Methodological Strengths
- Population-based design spanning multiple seasons with pre/post comparisons.
- Adjusted negative binomial regression with hospital-level clustering.
Limitations
- Observational design susceptible to residual confounding and secular changes.
- ICD-9-CM coding may misclassify RSV hospitalizations; individual-level immunization status not detailed.
Future Directions: Link individual nirsevimab exposure to outcomes, evaluate equity and access, and assess impact on severe endpoints (ICU, ventilation) and health economics.

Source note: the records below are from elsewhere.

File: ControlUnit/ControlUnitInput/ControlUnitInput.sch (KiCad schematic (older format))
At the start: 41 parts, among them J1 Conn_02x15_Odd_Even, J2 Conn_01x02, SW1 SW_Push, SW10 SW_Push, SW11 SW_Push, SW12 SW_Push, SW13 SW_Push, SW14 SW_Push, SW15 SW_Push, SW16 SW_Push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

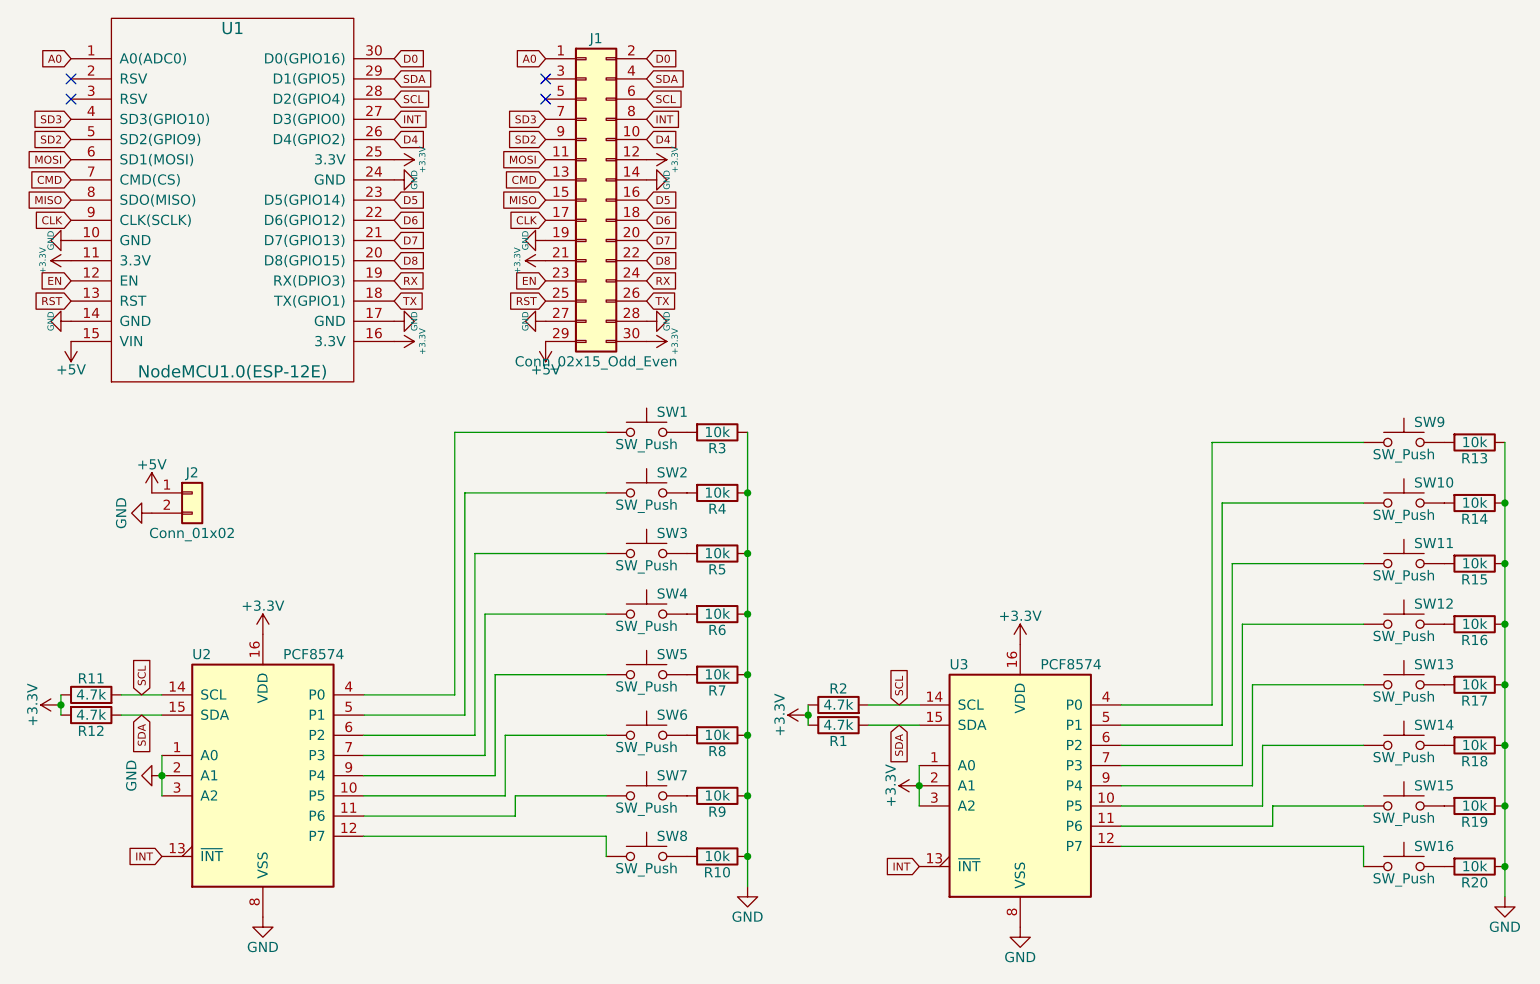
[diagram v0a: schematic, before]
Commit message: add additional connectors for NodeMCU pins in order to be able to connect additional input devices later on
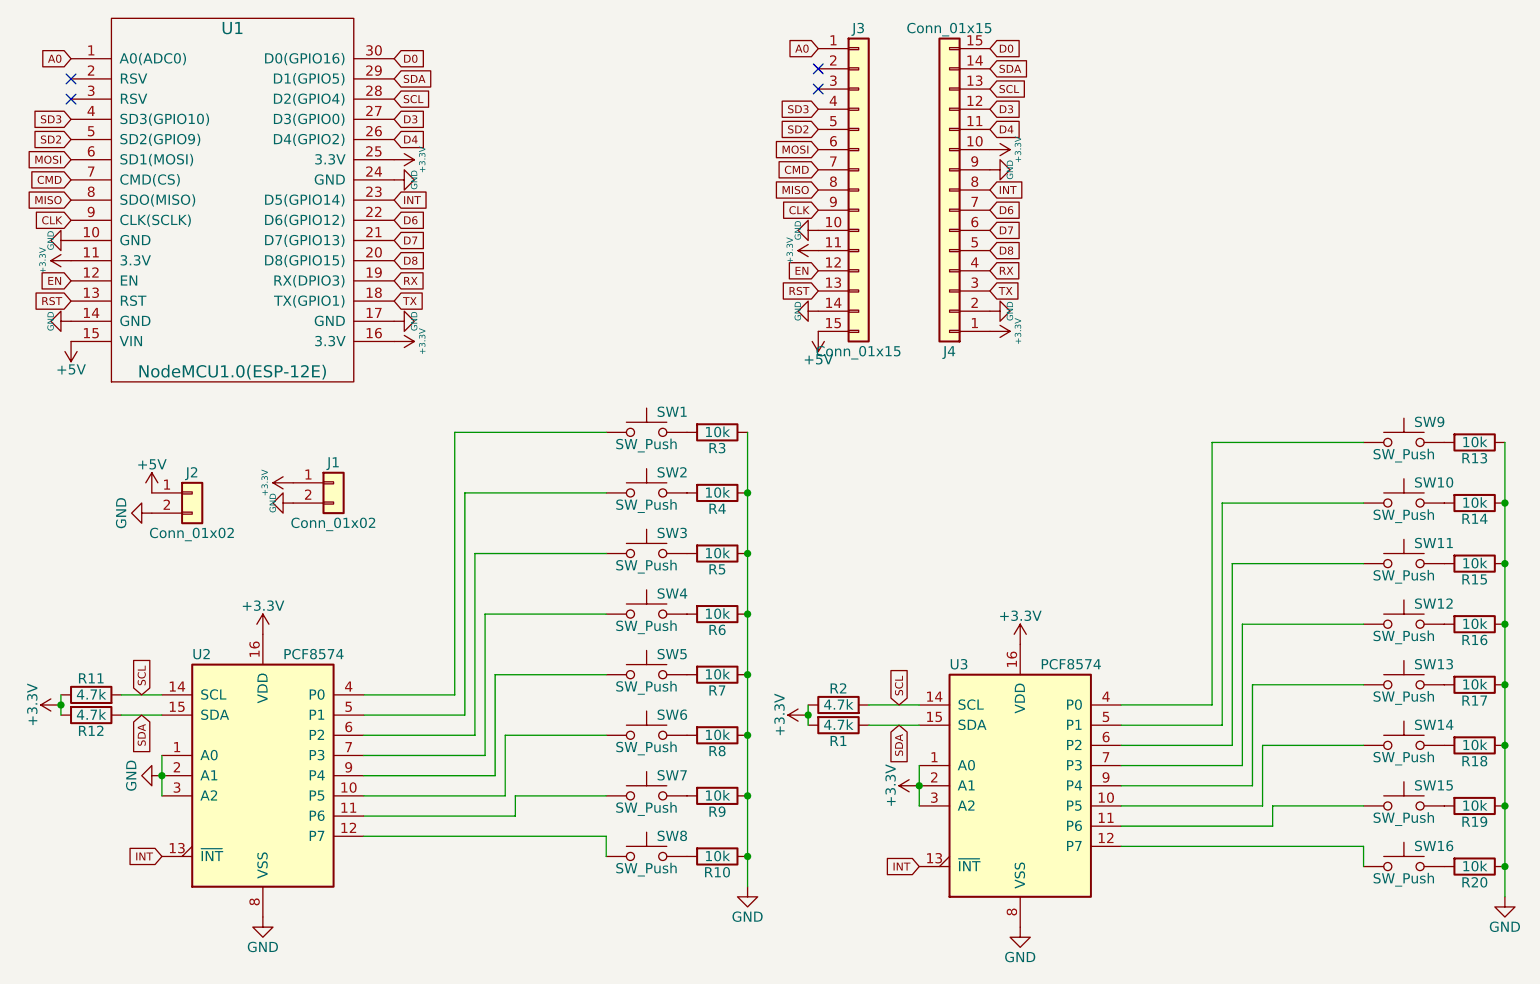
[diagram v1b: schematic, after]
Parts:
- removed J1: Conn_02x15_Odd_Even, Pin_Headers:Pin_Header_Straight_2x15_Pitch2.54mm, symbol Conn_02x15_Odd_Even
- added J1: Conn_01x02, Pin_Headers:Pin_Header_Straight_1x02_Pitch2.54mm, symbol Conn_01x02
- added J3, J4: Conn_01x15, Pin_Headers:Pin_Header_Straight_1x15_Pitch2.54mm, symbol Conn_01x15
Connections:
- net D5 is gone; now on net INT: U1.23 (D5(GPIO14))
- net +3V3: now also J1.1 (Pin_1), J3.11 (Pin_11), J4.1 (Pin_1), J4.10 (Pin_10)
- net +5V: now also J3.15 (Pin_15)
- net A0: now also J3.1 (Pin_1)
- net CLK: now also J3.9 (Pin_9)
- net CMD: now also J3.7 (Pin_7)
- net D0: now also J4.15 (Pin_15)
- net D4: now also J4.11 (Pin_11)
- net D6: now also J4.7 (Pin_7)
- net D7: now also J4.6 (Pin_6)
- net D8: now also J4.5 (Pin_5)
- net EN: now also J3.12 (Pin_12)
- net GND: now also J1.2 (Pin_2), J3.10 (Pin_10), J3.14 (Pin_14), J4.2 (Pin_2), J4.9 (Pin_9)
- net INT: now also J4.8 (Pin_8); no longer U1.27 (D3(GPIO0))
- net MISO: now also J3.8 (Pin_8)
- net MOSI: now also J3.6 (Pin_6)
- net RST: now also J3.13 (Pin_13)
- net RX: now also J4.4 (Pin_4)
- net SCL: now also J4.13 (Pin_13)
- net SD2: now also J3.5 (Pin_5)
- net SD3: now also J3.4 (Pin_4)
- net SDA: now also J4.14 (Pin_14)
- net TX: now also J4.3 (Pin_3)
- new net D3: J4.12 (Pin_12), U1.27 (D3(GPIO0))
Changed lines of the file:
@@
 LIBS:valves
 LIBS:IRLZ34
-LIBS:ws2812b
-LIBS:ESP8266
 LIBS:ControlUnitInput-cache
 EELAYER 25 0
@@
 Text GLabel 2500 950  2    39   Input ~ 0
 SCL
-Text GLabel 2500 1050 2    39   Input ~ 0
+Text GLabel 2500 1450 2    39   Input ~ 0
 INT
 Text GLabel 2500 750  2    39   Input ~ 0
@@
 Text GLabel 2500 1150 2    39   Input ~ 0
 D4
-Text GLabel 2500 1450 2    39   Input ~ 0
-D5
+Text GLabel 2500 1050 2    39   Input ~ 0
+D3
 Text GLabel 2500 1550 2    39   Input ~ 0
 D6
@@
 	0    1    1    0
 $EndComp
-$Comp
-L Conn_02x15_Odd_Even J1
-U 1 1 5A34A10D
-P 3450 1450
-F 0 "J1" H 3500 2250 50  0000 C CNN
-F 1 "Conn_02x15_Odd_Even" H 3500 650 50  0000 C CNN
-F 2 "Pin_Headers:Pin_Header_Straight_2x15_Pitch2.54mm" H 3450 1450 50  0001 C CNN
-F 3 "" H 3450 1450 50  0001 C CNN
-	1    3450 1450
-	1    0    0    -1
-$EndComp
-Text GLabel 3750 750  2    39   Input ~ 0
+Text GLabel 5450 700  2    39   Input ~ 0
 D0
-Text GLabel 3750 850  2    39   Input ~ 0
+Text GLabel 5450 800  2    39   Input ~ 0
 SDA
-Text GLabel 3750 950  2    39   Input ~ 0
+Text GLabel 5450 900  2    39   Input ~ 0
 SCL
-Text GLabel 3750 1050 2    39   Input ~ 0
+Text GLabel 5450 1400 2    39   Input ~ 0
 INT
-Text GLabel 3750 1150 2    39   Input ~ 0
+Text GLabel 5450 1100 2    39   Input ~ 0
 D4
 $Comp
 L GND #PWR06
 U 1 1 5A34A4EF
-P 3750 1350
-F 0 "#PWR06" H 3750 1100 31  0001 C CNN
-F 1 "GND" H 3750 1250 31  0000 C CNN
-F 2 "" H 3750 1350 50  0001 C CNN
-F 3 "" H 3750 1350 50  0001 C CNN
-	1    3750 1350
-	0    -1   -1   0
-$EndComp
-Text GLabel 3750 1450 2    39   Input ~ 0
-D5
-Text GLabel 3750 1550 2    39   Input ~ 0
+P 5450 1300
+F 0 "#PWR06" H 5450 1050 31  0001 C CNN
+F 1 "GND" H 5450 1200 31  0000 C CNN
+F 2 "" H 5450 1300 50  0001 C CNN
+F 3 "" H 5450 1300 50  0001 C CNN
+	1    5450 1300
+	0    -1   -1   0
+$EndComp
+Text GLabel 5450 1000 2    39   Input ~ 0
+D3
+Text GLabel 5450 1500 2    39   Input ~ 0
 D6
-Text GLabel 3750 1650 2    39   Input ~ 0
+Text GLabel 5450 1600 2    39   Input ~ 0
 D7
-Text GLabel 3750 1750 2    39   Input ~ 0
+Text GLabel 5450 1700 2    39   Input ~ 0
 D8
-Text GLabel 3750 1850 2    39   Input ~ 0
+Text GLabel 5450 1800 2    39   Input ~ 0
 RX
-Text GLabel 3750 1950 2    39   Input ~ 0
+Text GLabel 5450 1900 2    39   Input ~ 0
 TX
 $Comp
 L GND #PWR07
 U 1 1 5A34A84E
-P 3750 2050
-F 0 "#PWR07" H 3750 1800 31  0001 C CNN
-F 1 "GND" H 3750 1950 31  0000 C CNN
-F 2 "" H 3750 2050 50  0001 C CNN
-F 3 "" H 3750 2050 50  0001 C CNN
-	1    3750 2050
+P 5450 2000
+F 0 "#PWR07" H 5450 1750 31  0001 C CNN
+F 1 "GND" H 5450 1900 31  0000 C CNN
+F 2 "" H 5450 2000 50  0001 C CNN
+F 3 "" H 5450 2000 50  0001 C CNN
+	1    5450 2000
 	0    -1   -1   0
 $EndComp
@@
 L +5V #PWR08
 U 1 1 5A34A8F9
-P 3250 2150
-F 0 "#PWR08" H 3250 2000 50  0001 C CNN
-F 1 "+5V" H 3250 2290 50  0000 C CNN
-F 2 "" H 3250 2150 50  0001 C CNN
-F 3 "" H 3250 2150 50  0001 C CNN
-	1    3250 2150
+P 4600 2100
+F 0 "#PWR08" H 4600 1950 50  0001 C CNN
+F 1 "+5V" H 4600 2240 50  0000 C CNN
+F 2 "" H 4600 2100 50  0001 C CNN
+F 3 "" H 4600 2100 50  0001 C CNN
+	1    4600 2100
 	-1   0    0    1
 $EndComp
@@
 L GND #PWR09
 U 1 1 5A34A97C
-P 3250 2050
-F 0 "#PWR09" H 3250 1800 31  0001 C CNN
-F 1 "GND" H 3250 1950 31  0000 C CNN
-F 2 "" H 3250 2050 50  0001 C CNN
-F 3 "" H 3250 2050 50  0001 C CNN
-	1    3250 2050
-	0    1    1    0
-$EndComp
-Text GLabel 3250 1950 0    39   Input ~ 0
+P 4600 2000
+F 0 "#PWR09" H 4600 1750 31  0001 C CNN
+F 1 "GND" H 4600 1900 31  0000 C CNN
+F 2 "" H 4600 2000 50  0001 C CNN
+F 3 "" H 4600 2000 50  0001 C CNN
+	1    4600 2000
+	0    1    1    0
+$EndComp
+Text GLabel 4600 1900 0    39   Input ~ 0
 RST
-Text GLabel 3250 1850 0    39   Input ~ 0
+Text GLabel 4600 1800 0    39   Input ~ 0
 EN
 $Comp
 L GND #PWR010
 U 1 1 5A34AAF3
-P 3250 1650
-F 0 "#PWR010" H 3250 1400 31  0001 C CNN
-F 1 "GND" H 3250 1550 31  0000 C CNN
-F 2 "" H 3250 1650 50  0001 C CNN
-F 3 "" H 3250 1650 50  0001 C CNN
-	1    3250 1650
-	0    1    1    0
-$EndComp
-Text GLabel 3250 1550 0    39   Input ~ 0
+P 4600 1600
+F 0 "#PWR010" H 4600 1350 31  0001 C CNN
+F 1 "GND" H 4600 1500 31  0000 C CNN
+F 2 "" H 4600 1600 50  0001 C CNN
+F 3 "" H 4600 1600 50  0001 C CNN
+	1    4600 1600
+	0    1    1    0
+$EndComp
+Text GLabel 4600 1500 0    39   Input ~ 0
 CLK
-Text GLabel 3250 1450 0    39   Input ~ 0
+Text GLabel 4600 1400 0    39   Input ~ 0
 MISO
-Text GLabel 3250 1350 0    39   Input ~ 0
+Text GLabel 4600 1300 0    39   Input ~ 0
 CMD
-Text GLabel 3250 1250 0    39   Input ~ 0
+Text GLabel 4600 1200 0    39   Input ~ 0
 MOSI
-Text GLabel 3250 1150 0    39   Input ~ 0
+Text GLabel 4600 1100 0    39   Input ~ 0
 SD2
-Text GLabel 3250 1050 0    39   Input ~ 0
+Text GLabel 4600 1000 0    39   Input ~ 0
 SD3
-Text GLabel 3250 750  0    39   Input ~ 0
+Text GLabel 4600 700  0    39   Input ~ 0
 A0
 $Comp
@@
 L +3.3V #PWR014
 U 1 1 5A34BDD2
-P 3750 2150
-F 0 "#PWR014" H 3750 2000 31  0001 C CNN
-F 1 "+3.3V" H 3750 2290 31  0000 C CNN
-F 2 "" H 3750 2150 50  0001 C CNN
-F 3 "" H 3750 2150 50  0001 C CNN
-	1    3750 2150
+P 5450 2100
+F 0 "#PWR014" H 5450 1950 31  0001 C CNN
+F 1 "+3.3V" H 5450 2240 31  0000 C CNN
+F 2 "" H 5450 2100 50  0001 C CNN
+F 3 "" H 5450 2100 50  0001 C CNN
+	1    5450 2100
 	0    1    1    0
 $EndComp
@@
 L +3.3V #PWR025
 U 1 1 5A3532E4
-P 3250 1750
-F 0 "#PWR025" H 3250 1600 31  0001 C CNN
-F 1 "+3.3V" H 3250 1890 31  0000 C CNN
-F 2 "" H 3250 1750 50  0001 C CNN
-F 3 "" H 3250 1750 50  0001 C CNN
-	1    3250 1750
+P 4600 1700
+F 0 "#PWR025" H 4600 1550 31  0001 C CNN
+F 1 "+3.3V" H 4600 1840 31  0000 C CNN
+F 2 "" H 4600 1700 50  0001 C CNN
+F 3 "" H 4600 1700 50  0001 C CNN
+	1    4600 1700
 	0    -1   -1   0
 $EndComp
@@
 L +3.3V #PWR026
 U 1 1 5A353367
-P 3750 1250
-F 0 "#PWR026" H 3750 1100 31  0001 C CNN
-F 1 "+3.3V" H 3750 1390 31  0000 C CNN
-F 2 "" H 3750 1250 50  0001 C CNN
-F 3 "" H 3750 1250 50  0001 C CNN
-	1    3750 1250
-	0    1    1    0
-$EndComp
-NoConn ~ 3250 850
-NoConn ~ 3250 950
+P 5450 1200
+F 0 "#PWR026" H 5450 1050 31  0001 C CNN
+F 1 "+3.3V" H 5450 1340 31  0000 C CNN
+F 2 "" H 5450 1200 50  0001 C CNN
+F 3 "" H 5450 1200 50  0001 C CNN
+	1    5450 1200
+	0    1    1    0
+$EndComp
 NoConn ~ 900  850
 NoConn ~ 900  950
@@
 	1    0    0    -1
 $EndComp
+$Comp
+L Conn_01x15 J3
+U 1 1 5A4ABF15
+P 4800 1400
+F 0 "J3" H 4800 2200 50  0000 C CNN
+F 1 "Conn_01x15" H 4800 600 50  0000 C CNN
+F 2 "Pin_Headers:Pin_Header_Straight_1x15_Pitch2.54mm" H 4800 1400 50  0001 C CNN
+F 3 "" H 4800 1400 50  0001 C CNN
+	1    4800 1400
+	1    0    0    -1
+$EndComp
+$Comp
+L Conn_01x15 J4
+U 1 1 5A4ABFE6
+P 5250 1400
+F 0 "J4" H 5250 2200 50  0000 C CNN
+F 1 "Conn_01x15" H 5250 600 50  0000 C CNN
+F 2 "Pin_Headers:Pin_Header_Straight_1x15_Pitch2.54mm" H 5250 1400 50  0001 C CNN
+F 3 "" H 5250 1400 50  0001 C CNN
+	1    5250 1400
+	-1   0    0    1
+$EndComp
+NoConn ~ 4600 800
+NoConn ~ 4600 900
+$Comp
+L Conn_01x02 J1
+U 1 1 5A4AC288
+P 2200 2850
+F 0 "J1" H 2200 2950 50  0000 C CNN
+F 1 "Conn_01x02" H 2200 2650 50  0000 C CNN
+F 2 "Pin_Headers:Pin_Header_Straight_1x02_Pitch2.54mm" H 2200 2850 50  0001 C CNN
+F 3 "" H 2200 2850 50  0001 C CNN
+	1    2200 2850
+	1    0    0    -1
+$EndComp
+$Comp
+L +3.3V #PWR029
+U 1 1 5A4AC373
+P 2000 2850
+F 0 "#PWR029" H 2000 2700 31  0001 C CNN
+F 1 "+3.3V" H 2000 2990 31  0000 C CNN
+F 2 "" H 2000 2850 50  0001 C CNN
+F 3 "" H 2000 2850 50  0001 C CNN
+	1    2000 2850
+	0    -1   -1   0
+$EndComp
+$Comp
+L GND #PWR030
+U 1 1 5A4AC3FF
+P 2000 2950
+F 0 "#PWR030" H 2000 2700 31  0001 C CNN
+F 1 "GND" H 2000 2850 31  0000 C CNN
+F 2 "" H 2000 2950 50  0001 C CNN
+F 3 "" H 2000 2950 50  0001 C CNN
+	1    2000 2950
+	0    1    1    0
+$EndComp
 $EndSCHEMATC

BACKGROUND: Respiratory syncytial virus (RSV) is a leading cause of hospitalization in early infancy, with the greatest burden occurring in the first months of life. Following the COVID-19 pandemic, many countries experienced intensified RSV circulation. Nirsevimab, a long-acting monoclonal antibody providing season-long protection after a single dose, was introduced in Italy for the 2024-2025 RSV season and recommended for infants born during the period of RSV circulation. We evaluated the population-level impact of this seasonal nirsevimab strategy on RSV-related hospitalizations among young infants. METHODS: We conducted a population-based observational study using regional hospital discharge records from Emilia-Romagna, Northern Italy, spanning January 2017 to April 2025. Analyses were restricted to RSV seasons (October-March) and infants aged ≤180 days. RSV-related hospitalizations were identified using ICD-9-CM codes. Hospitalization rates were calculated per 100,000 person-days. Incidence rate ratios (IRRs) were estimated using negative binomial regression models adjusted for season, age group, and sex, with clustering at the hospital level. The post-nirsevimab season (2024-2025) was compared with the immediate pre-nirsevimab season (2023-2024) and a pre-COVID reference season (2018-2019). RESULTS: A total of 551 RSV hospitalizations occurred in the pre-COVID season, 753 in the pre-nirsevimab season, and 252 in the post-nirsevimab season. The post-nirsevimab season was associated with a substantial reduction in RSV-related hospitalization rates compared with both the pre-COVID season (IRR 0.52; 95% CI 0.41-0.66) and the pre-nirsevimab season (IRR 0.36; 95% CI 0.29-0.44). Reductions were observed consistently across epidemic months and were most pronounced during the first three to four months of life. CONCLUSIONS: Seasonal administration of nirsevimab to infants born during the RSV circulation period was associated with a marked and sustained reduction in RSV-related hospitalizations in early infancy. These findings support the effectiveness of targeted, seasonally timed infant immunoprophylaxis as a population-level RSV prevention strategy.